0

I'm developing an application where people around the world enter an address, city or something else in a search box. Then they can select the results that match their target. The selected result contains text from the address.components long_name.

some examples returned by the geocoder API:

"long_name" : "King's Street",
"short_name" : "King's St",
"types" : [ "route" ]

"long_name" : "Newport",
"short_name" : "Newport",
"types" : [ "postal_town" ]

"long_name" : "Staffordshire",
"short_name" : "Staffordshire",
"types" : [ "administrative_area_level_2", "political" ]

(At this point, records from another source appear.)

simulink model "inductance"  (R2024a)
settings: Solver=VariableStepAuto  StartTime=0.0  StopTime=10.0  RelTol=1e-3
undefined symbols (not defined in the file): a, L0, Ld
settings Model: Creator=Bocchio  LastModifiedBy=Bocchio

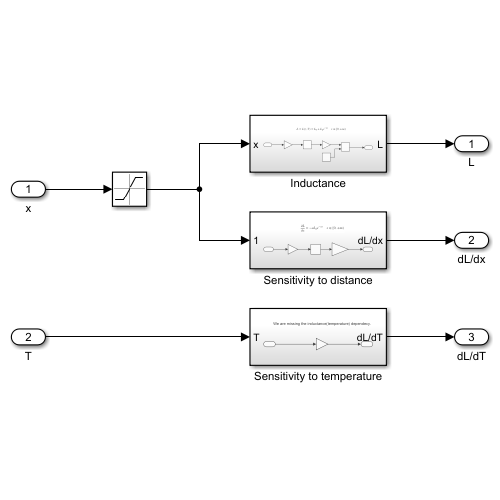
[thumbnail: Simulink's stored preview of the top-level diagram]
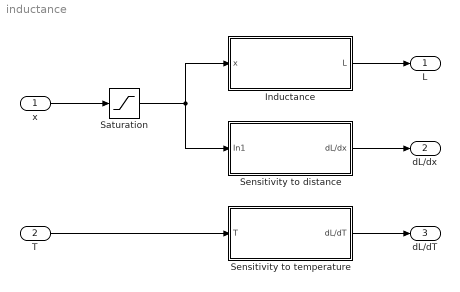
== system inductance ==
  x : Inport
  T : Inport  Port=2
  Inductance : Subsystem
  Saturation : Saturate  UpperLimit=+inf  LowerLimit=0
  Sensitivity to distance : Subsystem
  Sensitivity to temperature : Subsystem
  L : Outport
  dL/dx : Outport  Port=2
  dL/dT : Outport  Port=3
  wires:
  T/1 -> Sensitivity to temperature/1(T)
  x/1 -> Saturation/1
  Sensitivity to distance/1(dL/dx) -> dL/dx/1
  Sensitivity to temperature/1(dL/dT) -> dL/dT/1
  Saturation/1 -> Inductance/1(x), Sensitivity to distance/1(In1)
  Inductance/1(L) -> L/1

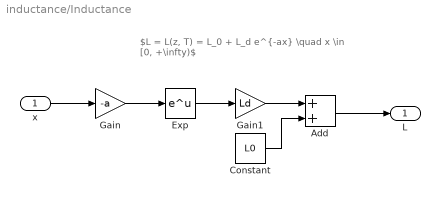
== system inductance/Inductance ==
  note: $L = L(z, T) = L_0 + L_d e^{-ax} \quad x \in [0, +\infty)$
  x : Inport
  Add : Sum
  Constant : Constant  Value=L0
  Exp : Math
  Gain : Gain  Gain=-a
  Gain1 : Gain  Gain=Ld
  L : Outport
  wires:
  x/1 -> Gain/1
  Gain1/1 -> Add/1
  Add/1 -> L/1
  Constant/1 -> Add/2
  Gain/1 -> Exp/1
  Exp/1 -> Gain1/1

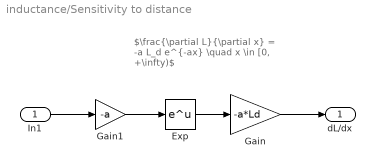
== system inductance/Sensitivity to distance ==
  note: $\frac{\partial L}{\partial x} = -a L_d e^{-ax} \quad x \in [0, +\infty)$
  In1 : Inport
  Exp : Math
  Gain : Gain  Gain=-a*Ld
  Gain1 : Gain  Gain=-a
  dL/dx : Outport
  wires:
  Gain1/1 -> Exp/1
  Gain/1 -> dL/dx/1
  Exp/1 -> Gain/1
  In1/1 -> Gain1/1

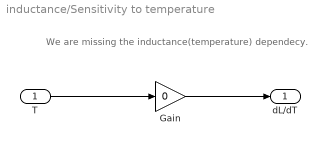
== system inductance/Sensitivity to temperature ==
  note: We are missing the inductance(temperature) dependecy.
  T : Inport
  Gain : Gain  Gain=0
  dL/dT : Outport
  wires:
  T/1 -> Gain/1
  Gain/1 -> dL/dT/1

In this case I would e.g. store:

"King's Street"

"Newport"

"Staffordshire"

into my database.

Then... this application can store from locations from all countries, and in potentially all official native languages used in those countries - by google in the "long_name" strings. Note that I set both the country and the language in the geocoder, in order to both show the map in the native language of the user, as well as getting back the result (address.components strings) in the correct language for the user.

Does anyone know if the address.components long_names can be stored precisely (character set wise) when using UTF-8 in MySql (that is a 3-byte UNICODE), or if I need to use the utf8mb4 charset (4-byte UNICODE)?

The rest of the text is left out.